----- DATA RECORDS -----

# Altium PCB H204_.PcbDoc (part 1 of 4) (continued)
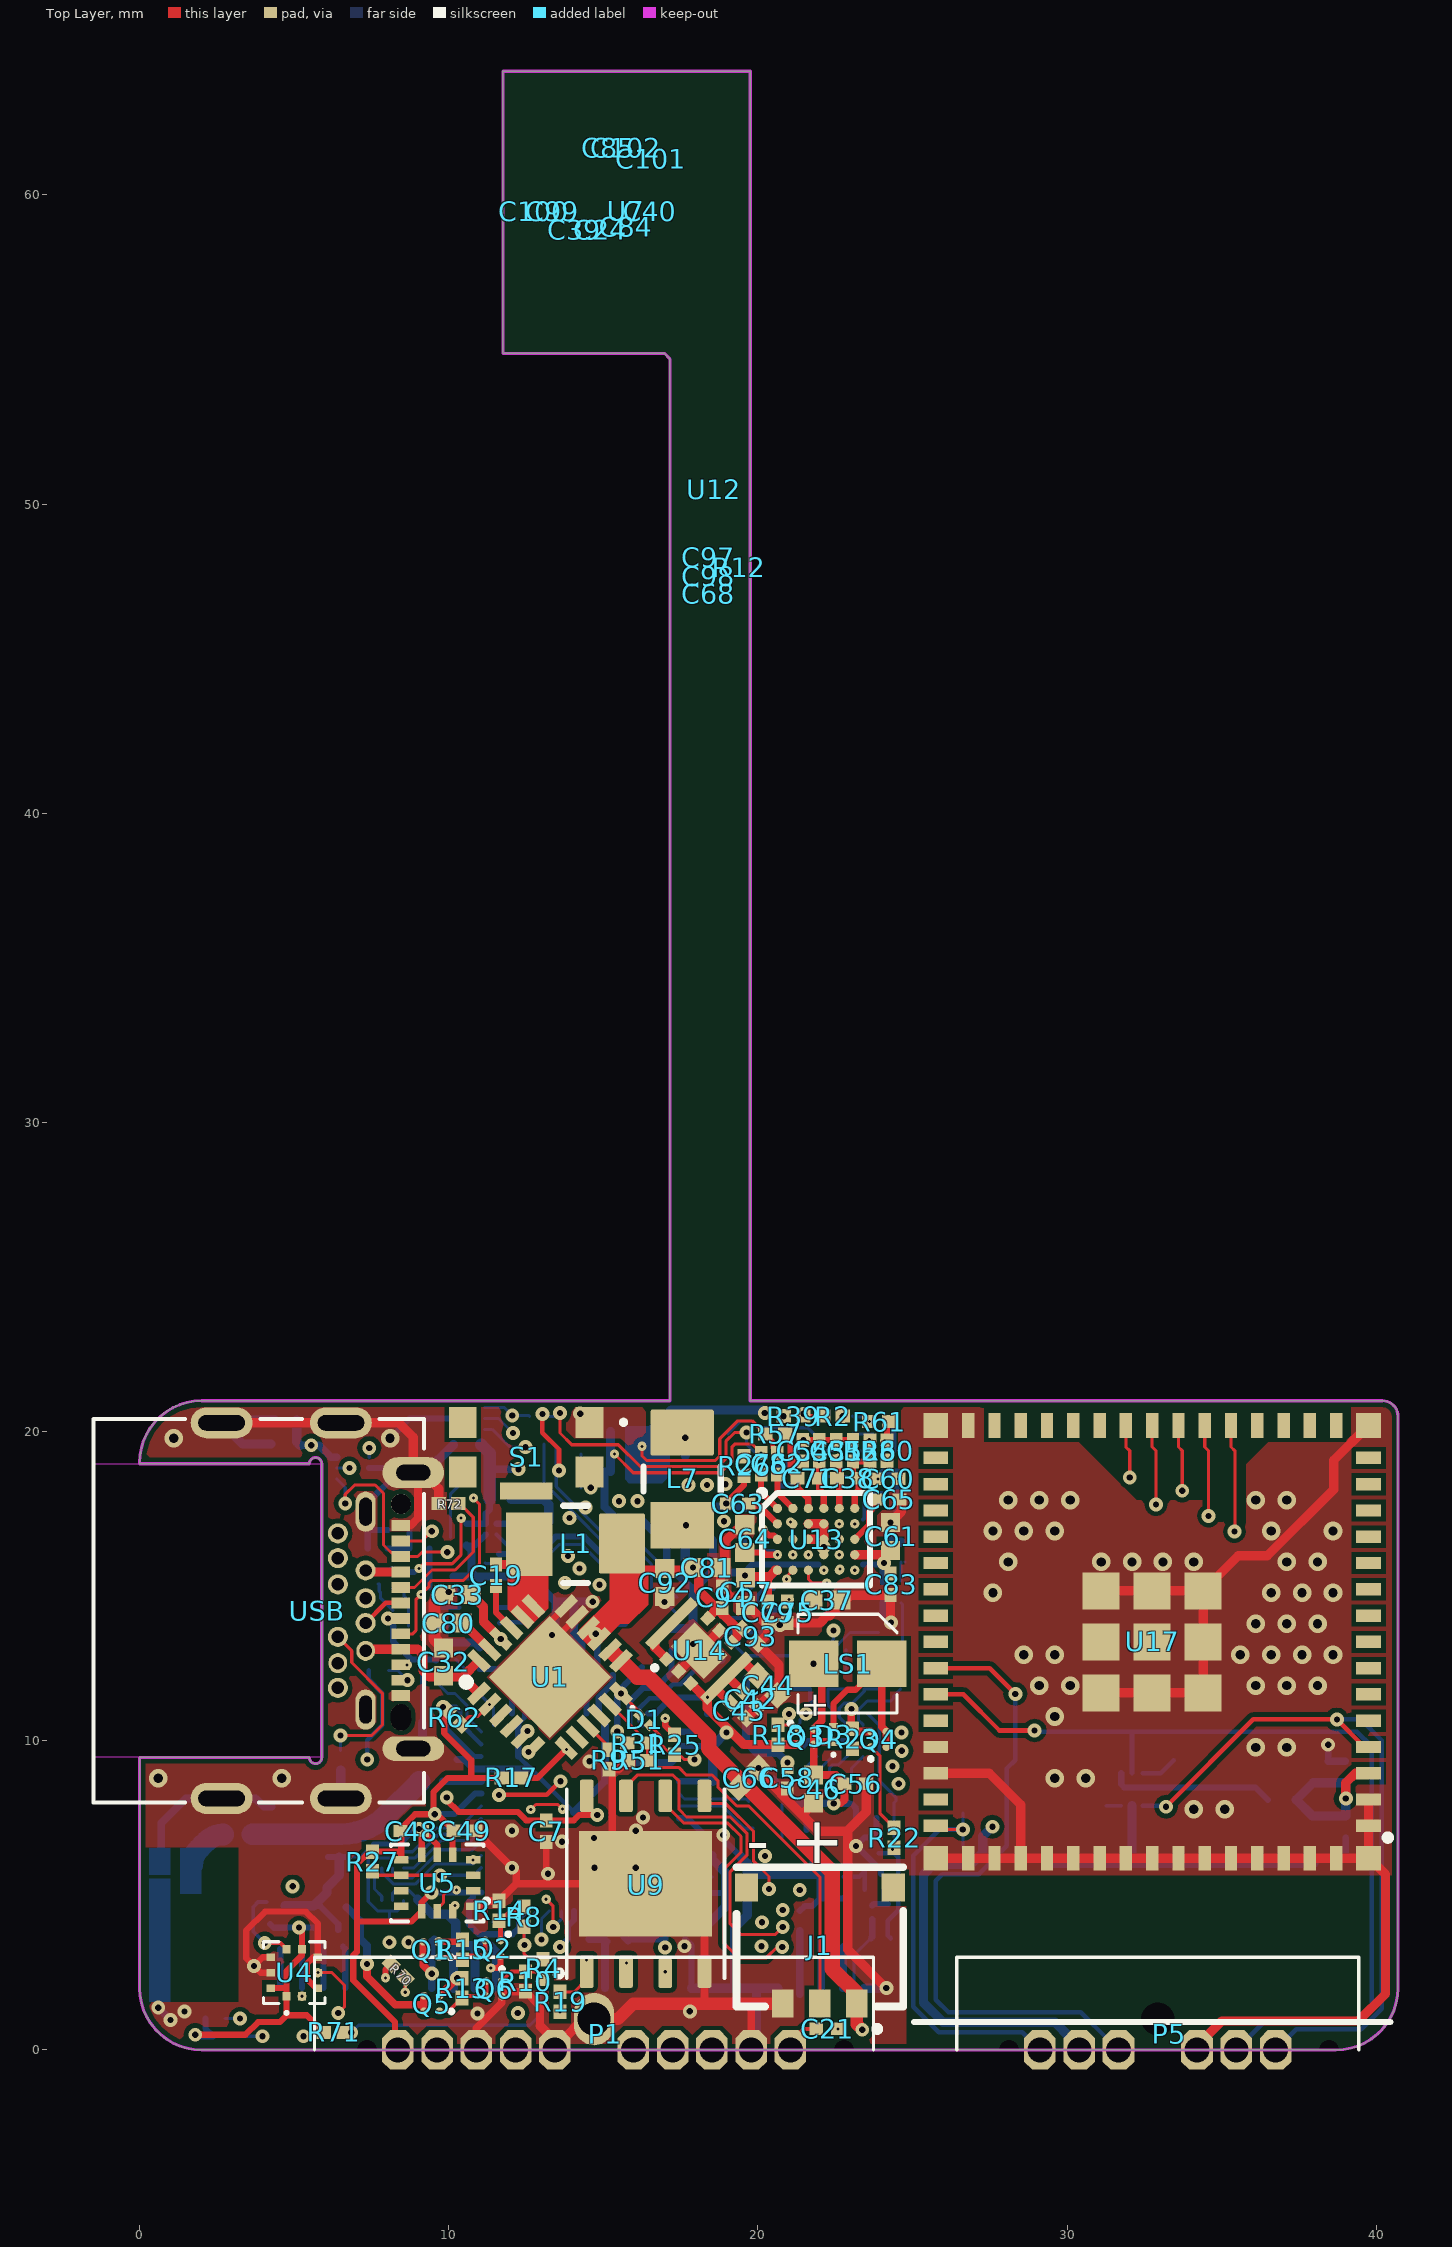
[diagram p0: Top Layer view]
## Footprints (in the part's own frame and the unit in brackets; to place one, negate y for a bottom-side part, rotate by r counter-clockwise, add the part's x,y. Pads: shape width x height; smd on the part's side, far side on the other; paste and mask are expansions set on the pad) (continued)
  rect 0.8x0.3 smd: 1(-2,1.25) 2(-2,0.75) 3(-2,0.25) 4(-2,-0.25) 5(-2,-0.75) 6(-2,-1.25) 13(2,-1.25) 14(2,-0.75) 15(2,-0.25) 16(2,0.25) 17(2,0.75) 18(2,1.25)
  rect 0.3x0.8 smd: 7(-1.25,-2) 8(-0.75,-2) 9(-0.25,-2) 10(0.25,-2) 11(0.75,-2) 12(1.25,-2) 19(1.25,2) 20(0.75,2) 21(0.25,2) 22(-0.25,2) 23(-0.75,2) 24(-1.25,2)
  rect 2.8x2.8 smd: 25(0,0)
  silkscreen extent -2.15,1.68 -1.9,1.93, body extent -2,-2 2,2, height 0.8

-----

The records above need to be reproduced exactly, with all images omitted.

**TASK SOLUTION**
# Altium PCB H204_.PcbDoc (part 1 of 4) (continued)
[diagram p0: Top Layer view]
## Footprints (in the part's own frame and the unit in brackets; to place one, negate y for a bottom-side part, rotate by r counter-clockwise, add the part's x,y. Pads: shape width x height; smd on the part's side, far side on the other; paste and mask are expansions set on the pad) (continued)
  rect 0.8x0.3 smd: 1(-2,1.25) 2(-2,0.75) 3(-2,0.25) 4(-2,-0.25) 5(-2,-0.75) 6(-2,-1.25) 13(2,-1.25) 14(2,-0.75) 15(2,-0.25) 16(2,0.25) 17(2,0.75) 18(2,1.25)
  rect 0.3x0.8 smd: 7(-1.25,-2) 8(-0.75,-2) 9(-0.25,-2) 10(0.25,-2) 11(0.75,-2) 12(1.25,-2) 19(1.25,2) 20(0.75,2) 21(0.25,2) 22(-0.25,2) 23(-0.75,2) 24(-1.25,2)
  rect 2.8x2.8 smd: 25(0,0)
  silkscreen extent -2.15,1.68 -1.9,1.93, body extent -2,-2 2,2, height 0.8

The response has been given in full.